**PROBLEM**
Word for word, copy all the data and drop the pictures.

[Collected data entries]
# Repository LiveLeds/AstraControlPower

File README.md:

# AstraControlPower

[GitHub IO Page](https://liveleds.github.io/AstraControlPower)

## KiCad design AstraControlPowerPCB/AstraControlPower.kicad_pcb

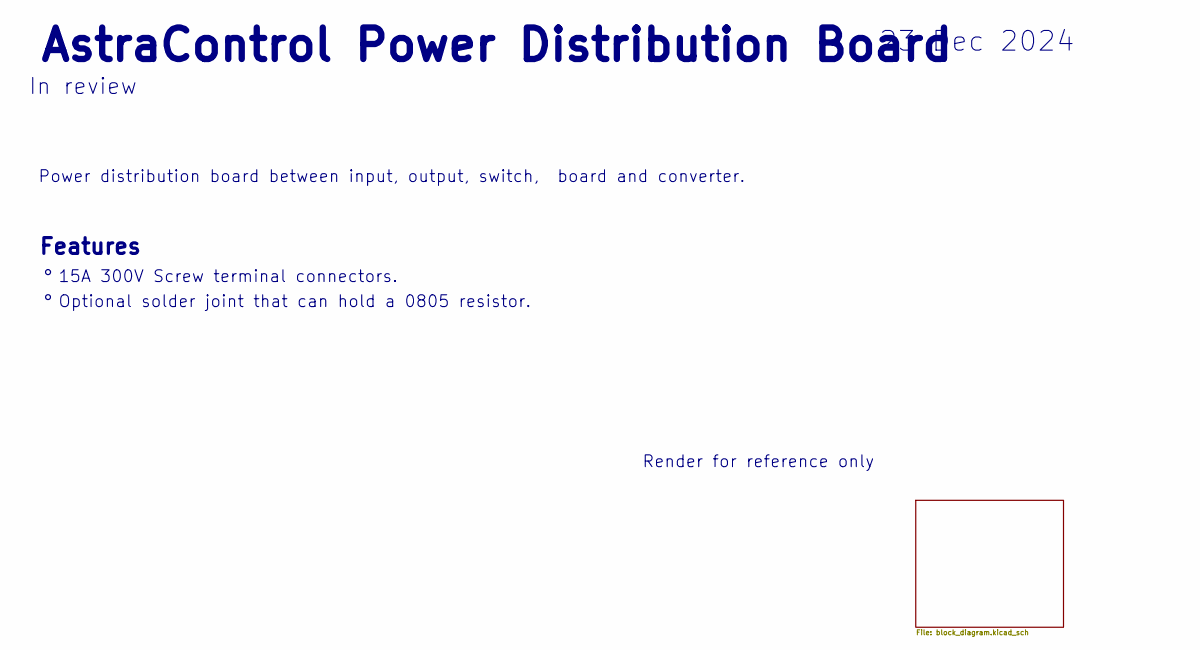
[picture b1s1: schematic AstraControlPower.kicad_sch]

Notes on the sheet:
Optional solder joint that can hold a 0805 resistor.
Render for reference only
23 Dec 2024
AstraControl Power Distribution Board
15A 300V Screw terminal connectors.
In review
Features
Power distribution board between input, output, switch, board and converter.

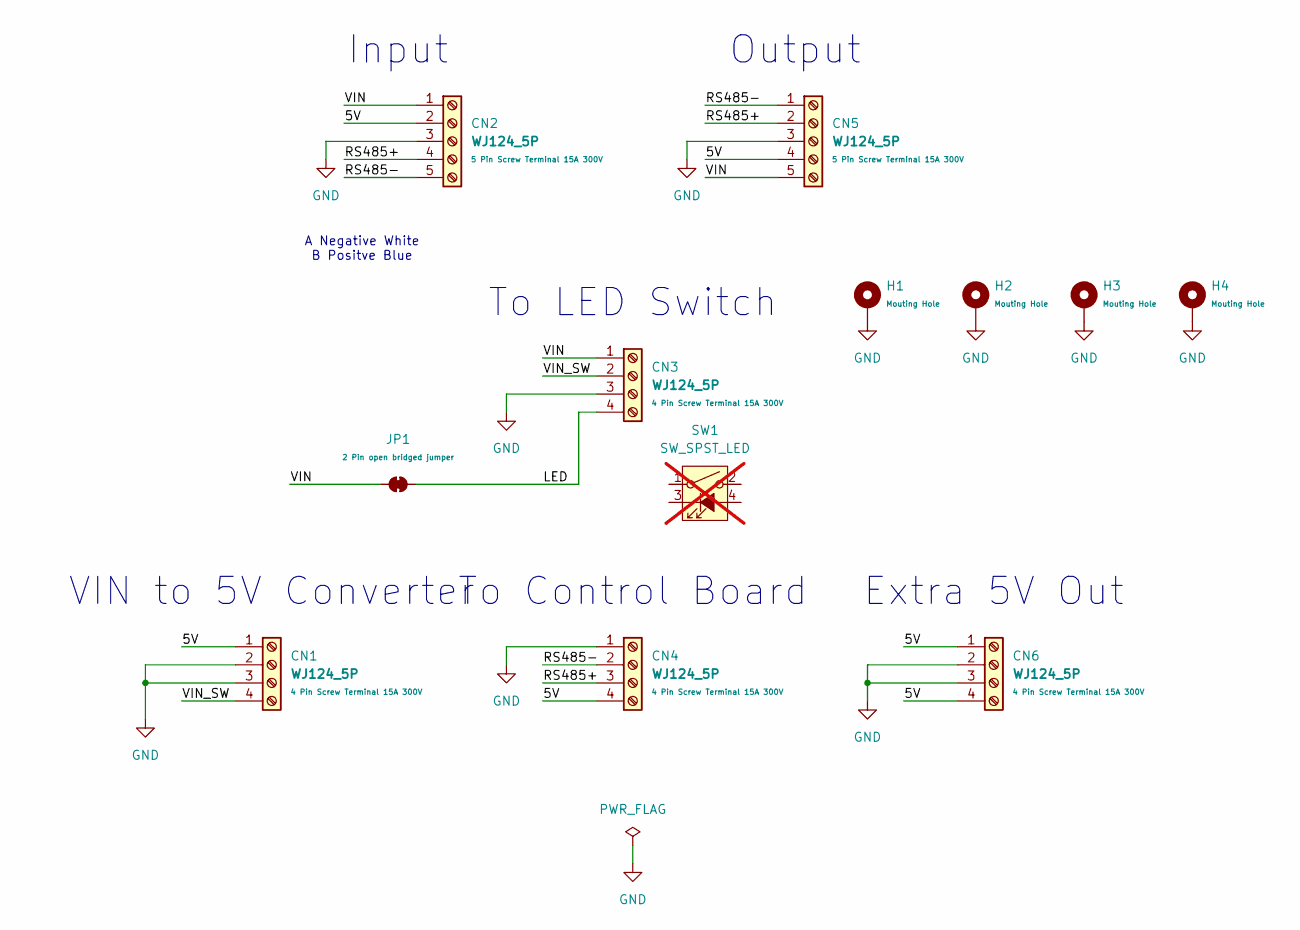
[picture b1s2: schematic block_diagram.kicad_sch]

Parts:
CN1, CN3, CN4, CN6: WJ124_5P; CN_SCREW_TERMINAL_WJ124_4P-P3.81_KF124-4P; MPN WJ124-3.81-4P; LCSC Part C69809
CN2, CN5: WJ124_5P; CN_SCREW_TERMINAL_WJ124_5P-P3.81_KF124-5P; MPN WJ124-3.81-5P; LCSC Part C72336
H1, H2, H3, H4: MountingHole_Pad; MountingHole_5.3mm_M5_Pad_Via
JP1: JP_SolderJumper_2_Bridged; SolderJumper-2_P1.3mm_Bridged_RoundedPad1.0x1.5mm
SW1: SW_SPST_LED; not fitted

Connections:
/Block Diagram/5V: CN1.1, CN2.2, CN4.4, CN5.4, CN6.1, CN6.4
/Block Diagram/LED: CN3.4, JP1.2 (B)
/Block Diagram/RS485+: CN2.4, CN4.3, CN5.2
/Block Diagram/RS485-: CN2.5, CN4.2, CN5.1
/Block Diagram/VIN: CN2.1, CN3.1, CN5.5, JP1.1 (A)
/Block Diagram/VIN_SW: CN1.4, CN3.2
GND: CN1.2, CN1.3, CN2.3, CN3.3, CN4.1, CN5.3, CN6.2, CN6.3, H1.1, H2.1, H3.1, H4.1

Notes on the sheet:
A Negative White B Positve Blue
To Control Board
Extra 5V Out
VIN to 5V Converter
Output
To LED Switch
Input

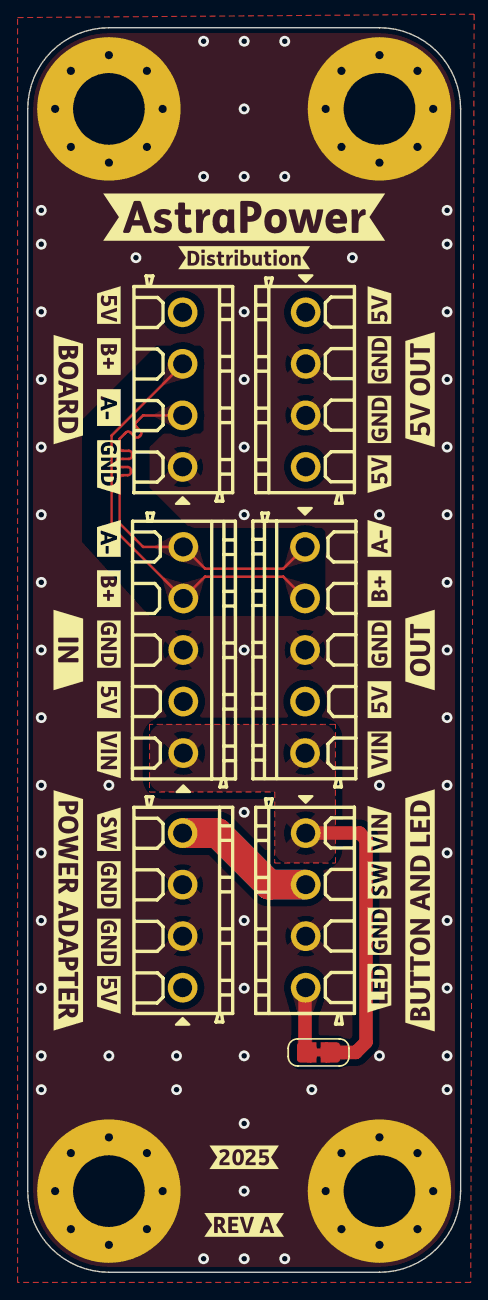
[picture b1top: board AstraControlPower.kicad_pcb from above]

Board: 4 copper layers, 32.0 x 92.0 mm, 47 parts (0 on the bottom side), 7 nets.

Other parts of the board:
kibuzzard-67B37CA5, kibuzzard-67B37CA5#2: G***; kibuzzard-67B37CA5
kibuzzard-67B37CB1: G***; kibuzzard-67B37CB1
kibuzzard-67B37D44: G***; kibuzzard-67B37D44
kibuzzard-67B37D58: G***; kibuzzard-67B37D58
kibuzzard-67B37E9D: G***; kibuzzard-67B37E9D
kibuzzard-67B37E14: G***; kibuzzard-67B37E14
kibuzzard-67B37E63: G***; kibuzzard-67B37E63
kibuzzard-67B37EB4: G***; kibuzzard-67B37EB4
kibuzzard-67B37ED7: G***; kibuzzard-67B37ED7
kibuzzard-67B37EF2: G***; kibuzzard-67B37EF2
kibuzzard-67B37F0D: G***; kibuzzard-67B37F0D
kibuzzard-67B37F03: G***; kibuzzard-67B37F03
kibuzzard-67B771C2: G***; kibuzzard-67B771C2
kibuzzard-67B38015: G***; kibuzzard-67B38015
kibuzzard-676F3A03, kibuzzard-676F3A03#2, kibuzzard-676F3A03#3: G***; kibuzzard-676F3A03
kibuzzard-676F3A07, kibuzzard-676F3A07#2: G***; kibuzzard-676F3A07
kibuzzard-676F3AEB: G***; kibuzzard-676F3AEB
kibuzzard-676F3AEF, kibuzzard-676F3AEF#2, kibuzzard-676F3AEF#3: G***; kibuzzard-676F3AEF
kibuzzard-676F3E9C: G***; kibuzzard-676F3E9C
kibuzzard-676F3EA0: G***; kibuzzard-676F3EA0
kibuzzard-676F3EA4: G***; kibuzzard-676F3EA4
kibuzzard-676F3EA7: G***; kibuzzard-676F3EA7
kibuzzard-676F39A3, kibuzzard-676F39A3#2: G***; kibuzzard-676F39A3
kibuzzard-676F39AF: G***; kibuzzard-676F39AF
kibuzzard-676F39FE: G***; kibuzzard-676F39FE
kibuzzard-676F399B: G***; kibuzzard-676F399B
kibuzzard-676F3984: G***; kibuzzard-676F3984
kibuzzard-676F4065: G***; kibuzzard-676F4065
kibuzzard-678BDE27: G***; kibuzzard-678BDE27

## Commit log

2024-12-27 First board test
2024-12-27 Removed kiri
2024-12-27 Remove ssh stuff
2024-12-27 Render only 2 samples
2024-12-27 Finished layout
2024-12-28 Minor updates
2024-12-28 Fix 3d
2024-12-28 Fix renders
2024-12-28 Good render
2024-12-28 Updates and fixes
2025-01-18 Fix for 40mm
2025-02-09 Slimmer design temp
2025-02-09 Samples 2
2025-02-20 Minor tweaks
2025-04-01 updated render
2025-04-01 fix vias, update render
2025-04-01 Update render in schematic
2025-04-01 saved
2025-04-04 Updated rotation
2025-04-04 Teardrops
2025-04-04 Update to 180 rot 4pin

**RESPONSE TO THE EXERCISE**
# Repository LiveLeds/AstraControlPower

File README.md:

# AstraControlPower

[GitHub IO Page](https://liveleds.github.io/AstraControlPower)

## KiCad design AstraControlPowerPCB/AstraControlPower.kicad_pcb

[picture b1s1: schematic AstraControlPower.kicad_sch]

Notes on the sheet:
Optional solder joint that can hold a 0805 resistor.
Render for reference only
23 Dec 2024
AstraControl Power Distribution Board
15A 300V Screw terminal connectors.
In review
Features
Power distribution board between input, output, switch, board and converter.

[picture b1s2: schematic block_diagram.kicad_sch]

Parts:
CN1, CN3, CN4, CN6: WJ124_5P; CN_SCREW_TERMINAL_WJ124_4P-P3.81_KF124-4P; MPN WJ124-3.81-4P; LCSC Part C69809
CN2, CN5: WJ124_5P; CN_SCREW_TERMINAL_WJ124_5P-P3.81_KF124-5P; MPN WJ124-3.81-5P; LCSC Part C72336
H1, H2, H3, H4: MountingHole_Pad; MountingHole_5.3mm_M5_Pad_Via
JP1: JP_SolderJumper_2_Bridged; SolderJumper-2_P1.3mm_Bridged_RoundedPad1.0x1.5mm
SW1: SW_SPST_LED; not fitted

Connections:
/Block Diagram/5V: CN1.1, CN2.2, CN4.4, CN5.4, CN6.1, CN6.4
/Block Diagram/LED: CN3.4, JP1.2 (B)
/Block Diagram/RS485+: CN2.4, CN4.3, CN5.2
/Block Diagram/RS485-: CN2.5, CN4.2, CN5.1
/Block Diagram/VIN: CN2.1, CN3.1, CN5.5, JP1.1 (A)
/Block Diagram/VIN_SW: CN1.4, CN3.2
GND: CN1.2, CN1.3, CN2.3, CN3.3, CN4.1, CN5.3, CN6.2, CN6.3, H1.1, H2.1, H3.1, H4.1

Notes on the sheet:
A Negative White B Positve Blue
To Control Board
Extra 5V Out
VIN to 5V Converter
Output
To LED Switch
Input

[picture b1top: board AstraControlPower.kicad_pcb from above]

Board: 4 copper layers, 32.0 x 92.0 mm, 47 parts (0 on the bottom side), 7 nets.

Other parts of the board:
kibuzzard-67B37CA5, kibuzzard-67B37CA5#2: G***; kibuzzard-67B37CA5
kibuzzard-67B37CB1: G***; kibuzzard-67B37CB1
kibuzzard-67B37D44: G***; kibuzzard-67B37D44
kibuzzard-67B37D58: G***; kibuzzard-67B37D58
kibuzzard-67B37E9D: G***; kibuzzard-67B37E9D
kibuzzard-67B37E14: G***; kibuzzard-67B37E14
kibuzzard-67B37E63: G***; kibuzzard-67B37E63
kibuzzard-67B37EB4: G***; kibuzzard-67B37EB4
kibuzzard-67B37ED7: G***; kibuzzard-67B37ED7
kibuzzard-67B37EF2: G***; kibuzzard-67B37EF2
kibuzzard-67B37F0D: G***; kibuzzard-67B37F0D
kibuzzard-67B37F03: G***; kibuzzard-67B37F03
kibuzzard-67B771C2: G***; kibuzzard-67B771C2
kibuzzard-67B38015: G***; kibuzzard-67B38015
kibuzzard-676F3A03, kibuzzard-676F3A03#2, kibuzzard-676F3A03#3: G***; kibuzzard-676F3A03
kibuzzard-676F3A07, kibuzzard-676F3A07#2: G***; kibuzzard-676F3A07
kibuzzard-676F3AEB: G***; kibuzzard-676F3AEB
kibuzzard-676F3AEF, kibuzzard-676F3AEF#2, kibuzzard-676F3AEF#3: G***; kibuzzard-676F3AEF
kibuzzard-676F3E9C: G***; kibuzzard-676F3E9C
kibuzzard-676F3EA0: G***; kibuzzard-676F3EA0
kibuzzard-676F3EA4: G***; kibuzzard-676F3EA4
kibuzzard-676F3EA7: G***; kibuzzard-676F3EA7
kibuzzard-676F39A3, kibuzzard-676F39A3#2: G***; kibuzzard-676F39A3
kibuzzard-676F39AF: G***; kibuzzard-676F39AF
kibuzzard-676F39FE: G***; kibuzzard-676F39FE
kibuzzard-676F399B: G***; kibuzzard-676F399B
kibuzzard-676F3984: G***; kibuzzard-676F3984
kibuzzard-676F4065: G***; kibuzzard-676F4065
kibuzzard-678BDE27: G***; kibuzzard-678BDE27

## Commit log

2024-12-27 First board test
2024-12-27 Removed kiri
2024-12-27 Remove ssh stuff
2024-12-27 Render only 2 samples
2024-12-27 Finished layout
2024-12-28 Minor updates
2024-12-28 Fix 3d
2024-12-28 Fix renders
2024-12-28 Good render
2024-12-28 Updates and fixes
2025-01-18 Fix for 40mm
2025-02-09 Slimmer design temp
2025-02-09 Samples 2
2025-02-20 Minor tweaks
2025-04-01 updated render
2025-04-01 fix vias, update render
2025-04-01 Update render in schematic
2025-04-01 saved
2025-04-04 Updated rotation
2025-04-04 Teardrops
2025-04-04 Update to 180 rot 4pin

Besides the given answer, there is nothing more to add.